Activity — Among the entries below, please show each line that carries the word "NumInputPorts".
····················
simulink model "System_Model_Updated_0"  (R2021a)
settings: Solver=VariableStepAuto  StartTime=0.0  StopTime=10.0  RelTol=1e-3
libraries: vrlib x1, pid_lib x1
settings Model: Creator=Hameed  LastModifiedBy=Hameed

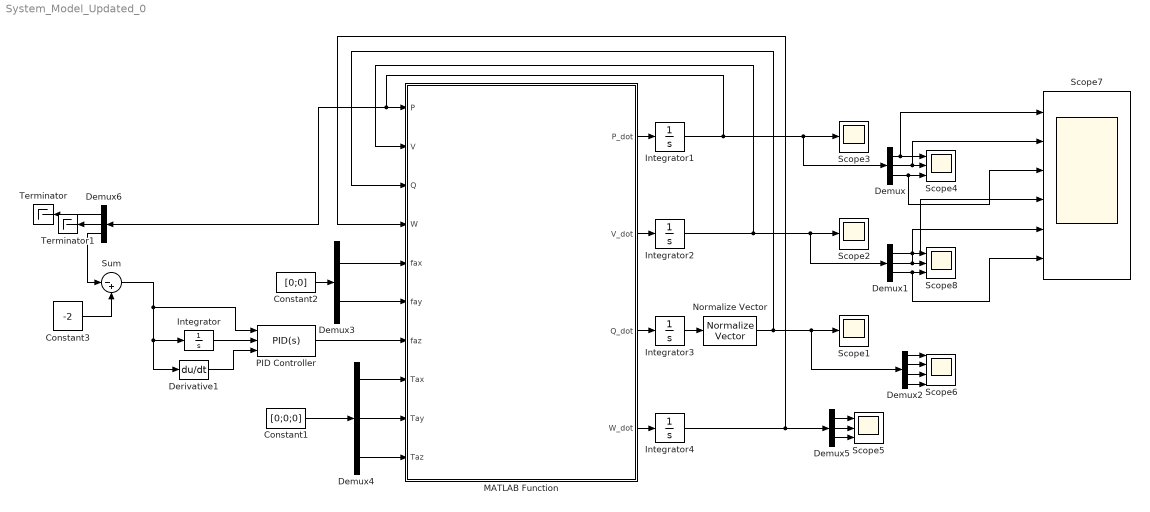
== system System_Model_Updated_0 ==
  Constant1 : Constant  Value=[0;0;0]  VectorParams1D=off
  Constant2 : Constant  Value=[0;0]  VectorParams1D=off
  Constant3 : Constant  Value=-2  VectorParams1D=off
  Demux{,1,4..6} (5 alike) : Demux  Outputs=3
  Demux2 : Demux
  Demux3 : Demux  Outputs=2
  Derivative1 : Derivative
  Integrator : Integrator
  Integrator1 : Integrator  InitialCondition=[0;0;0]
  Integrator2 : Integrator  InitialCondition=[0;0;0]
  Integrator3 : Integrator  InitialCondition=[1;0;0;0]
  Integrator4 : Integrator  InitialCondition=[0;0;0]
  MATLAB Function : MATLAB Function  TreatAsAtomicUnit=on
  Normalize Vector : vrlib/Utilities/Normalize Vector  maxzero=0
  PID Controller : pid_lib/PID Controller  Controller=PID  Form=Parallel  TimeDomain=Continuous-time  UseExternalTs=off  SampleTime=-1  IntegratorMethod=Forward Euler  FilterMethod=Forward Euler  ControllerParametersSource=internal  P=50  I=60  D=30  UseFilter=on  N=100  TunerSelectOption=Transfer Function Based (PID Tuner App)  InitialConditionSource=external  InitialConditionForIntegrator=0  InitialConditionForFilter=0  DifferentiatorICPrevScaledInput=0  ExternalReset=none  TrackingMode=off  Kt=1  LimitOutput=off  SatLimitsSource=internal  UpperSaturationLimit=inf  LowerSaturationLimit=-inf  LinearizeAsGain=on  AntiWindupMode=none  Kb=1  POutMin=[]  POutMax=[]  IOutMin=[]  IOutMax=[]  DOutMin=[]  DOutMax=[]  NOutMin=[]  NOutMax=[]  SumOutMin=[]  SumOutMax=[]  SaturationOutMin=[]  SaturationOutMax=[]  PParamMin=[]  PParamMax=[]  IParamMin=[]  IParamMax=[]  DParamMin=[]  DParamMax=[]  NParamMin=[]  NParamMax=[]  KbParamMin=[]  KbParamMax=[]  KtParamMin=[]  KtParamMax=[]  KbOutMin=[]  KbOutMax=[]  KtOutMin=[]  KtOutMax=[]  IntegratorOutMin=[]  IntegratorOutMax=[]  FilterOutMin=[]  FilterOutMax=[]  SumI1OutMin=[]  SumI1OutMax=[]  SumI2OutMin=[]  SumI2OutMax=[]  SumI3OutMin=[]  SumI3OutMax=[]  SumI4OutMin=[]  SumI4OutMax=[]  SumDOutMin=[]  SumDOutMax=[]  DifferentiatorOutMin=[]  DifferentiatorOutMax=[]  FilterDiffOutCoefMin=[]  FilterDiffOutCoefMax=[]  ReciprocalOutMin=[]  ReciprocalOutMax=[]  SumDenOutMin=[]  SumDenOutMax=[]  SumNumOutMin=[]  SumNumOutMax=[]  DivideOutMin=[]  DivideOutMax=[]  UdiffTsProdOutMin=[]  UdiffTsProdOutMax=[]  NTsProdOutMin=[]  NTsProdOutMax=[]  UintegralTsProdOutMin=[]  UintegralTsProdOutMax=[]  UngainTsProdOutMin=[]  UngainTsProdOutMax=[]  IntegratorContinuousStateAttributes=''  IntegratorStateMustResolveToSignalObject=off  IntegratorRTWStateStorageClass=Auto  FilterContinuousStateAttributes=''  FilterStateMustResolveToSignalObject=off  FilterRTWStateStorageClass=Auto  ParallelPVariant=InternalParameters  IdealPVariant=Disabled  IVariant=InternalParameters  DVariant=InternalParameters  IntegratorVariant=Continuous  SatVariant=Disabled  AWVariant=Passthrough  PCopyVariant=Disabled  TRVariant=Disabled  FdbkBlocksVariant=Forward  IdealPFdbkVariant=Disabled  SatFdbkVariant=Disabled  DerivativeFilterVariant=ContFilter  NVariant=InternalParameters  NCopyVariant=Disabled  FilterICVariant=ExternalICs  IntegratorICVariant=ExternalICs  ExternalResetVariant=Disabled  TRSumVariant=Passthrough  SumFdbkVariant=Disabled  SumVariant=Sum_PID  TsampFilterVariant=InternalTs  TsampNgainVariant=Passthrough  TsampIntegralVariant=Passthrough  ExternalSaturationOutDataTypeStr=Inherit: Same as second input
  Scope1 : Scope
  Scope2 : Scope
  Scope3 : Scope
  Scope4 : Scope  NumInputPorts=3
  Scope5 : Scope  NumInputPorts=3
  Scope6 : Scope  NumInputPorts=4
  Scope7 : Scope  NumInputPorts=6
  Scope8 : Scope  NumInputPorts=3
  Sum : Sum  Inputs=|-+
  Terminator : Terminator
  Terminator1 : Terminator
  wires:
  Integrator3/1 -> Normalize Vector/1
  Integrator1/1 -> Scope3/1, Demux/1, Demux6/1, MATLAB Function/1(P)
  Derivative1/1 -> PID Controller/3
  Demux6/3 -> Sum/1
  Integrator/1 -> PID Controller/2
  Demux2/2 -> Scope6/2
  Demux5/3 -> Scope5/3
  Constant3/1 -> Sum/2
  Demux3/1 -> MATLAB Function/5(fax)
  Sum/1 -> PID Controller/1, Derivative1/1, Integrator/1
  Demux6/2 -> Terminator1/1
  Demux2/3 -> Scope6/3
  Demux6/1 -> Terminator/1
  Demux5/1 -> Scope5/1
  Demux5/2 -> Scope5/2
  Constant2/1 -> Demux3/1
  MATLAB Function/4(W_dot) -> Integrator4/1
  MATLAB Function/1(P_dot) -> Integrator1/1
  Demux1/2 -> Scope7/5, Scope8/2
  Demux2/4 -> Scope6/4
  Integrator2/1 -> Demux1/1, Scope2/1, MATLAB Function/2(V)
  Demux/3 -> Scope7/3, Scope4/3
  Integrator4/1 -> Demux5/1, MATLAB Function/4(W)
  MATLAB Function/2(V_dot) -> Integrator2/1
  Demux1/1 -> Scope7/4, Scope8/1
  Demux/2 -> Scope7/2, Scope4/2
  Demux/1 -> Scope4/1, Scope7/1
  Demux2/1 -> Scope6/1
  PID Controller/1 -> MATLAB Function/7(faz)
  Demux3/2 -> MATLAB Function/6(fay)
  MATLAB Function/3(Q_dot) -> Integrator3/1
  Demux1/3 -> Scope7/6, Scope8/3
  Demux4/2 -> MATLAB Function/9(Tay)
  Demux4/1 -> MATLAB Function/8(Tax)
  Demux4/3 -> MATLAB Function/10(Taz)
  Constant1/1 -> Demux4/1
  Normalize Vector/1 -> Scope1/1, Demux2/1, MATLAB Function/3(Q)

== matlab function System_Model_Updated_0/MATLAB Function ==
  data: P input; P_dot output; V input; Q input; W input; V_dot output; Q_dot output; W_dot output; fax input; fay input; faz input; Tax input; Tay input; Taz input
function [P_dot,V_dot,Q_dot,W_dot]= fcn(P,V,Q,W,fax,fay,faz,Tax,Tay,Taz)
clc
m=5;

%%% phi=Q(2); % theta=Q(3); % psi=Q(4);

% Rz=[cos(psi) sin(psi) 0;-sin(psi)) cos(psi) 0;0 0 1];
% Rx=[1 0 0;0 cos(phi) sin(phi);0 -sin(phi) cos(phi)];
% Ry=[cos(theta) 0 -sin(theta);0 1 0;sin(theta) 0 cos(theta)];

Rz=[cos(Q(4)) sin(Q(4)) 0; -sin(Q(4)) cos(Q(4)) 0; 0 0 1];
Rx=[1 0 0; 0 cos(Q(2)) sin(Q(2)); 0 -sin(Q(2)) cos(Q(2))];
Ry=[cos(Q(3)) 0 -sin(Q(3)); 0 1 0; sin(Q(3)) 0 cos(Q(3))];

Rb=Rz*Ry*Rx;
Rs=[1 0 0;
    0 0 -1;
    0 1 0 ];

%Rs=[1 0 0;0 -1 0;0 0 -1];
%lambda=L;
L=0;
%L=1;
Rd=[1 0 0;
    0 1 0;
    0 0 1-L];

SL=Rs*Rd*transpose(Rs);

rT=[0.5;0;0];

Ixx=1;
Iyy=1;
Izz=1;
J=[Ixx 0 0;0 Iyy 0;0 0 Izz];

g=9.8;
dF=[0;0;0];
fc=[0;0;0];
rcom=[0;0;0];
dT=[0;0;0];

fa=[fax;fay;faz];
ta=[Tax;Tay;Taz];

ab=(m^-1)*((Rb*fa)+(L*fc)+dF)+[0;0;g];

% T=[0 -sin(Q(2)) cos(Q(2))*sin(Q(3));
% 0 cos(Q(2)) sin(Q(2))*sin(Q(3));
% 1 0 cos(Q(3))];

Sq=[0 -Q(4) Q(3);
    Q(4) 0 -Q(2);
    -Q(3) Q(2) 0];

eata_dot=[Q(2);Q(3);Q(4)]
%w=T*eata_dot;

h=J*W;
h1=transpose(Rb)*[0;0;m*g];
h2=L*transpose(Rb)*fc;

P_dot=SL*V;

Qw_dot=-1/2*[Q(2) Q(3) Q(4)]*W;
Qv_dot=1/2*(Q(1)*J-Sq)*W;

% Qw_dot=-1/2*[Q(2) Q(3) Q(4)]*W
% Qv_dot=1/2*(Q(1)*J-Sq)*W;
Q_dot=[Qw_dot;Qv_dot];

W_dot=(inv(J))*(ta-cross(W,h)+cross(rcom,h1)+cross(rT,h2)+dT);

V_dot=SL*((ab)+Rb*(cross(W_dot,rT)+(cross(W,cross(W,rT)))));
····················
Answer to this task —
  Scope4 : Scope  NumInputPorts=3
  Scope5 : Scope  NumInputPorts=3
  Scope6 : Scope  NumInputPorts=4
  Scope7 : Scope  NumInputPorts=6
  Scope8 : Scope  NumInputPorts=3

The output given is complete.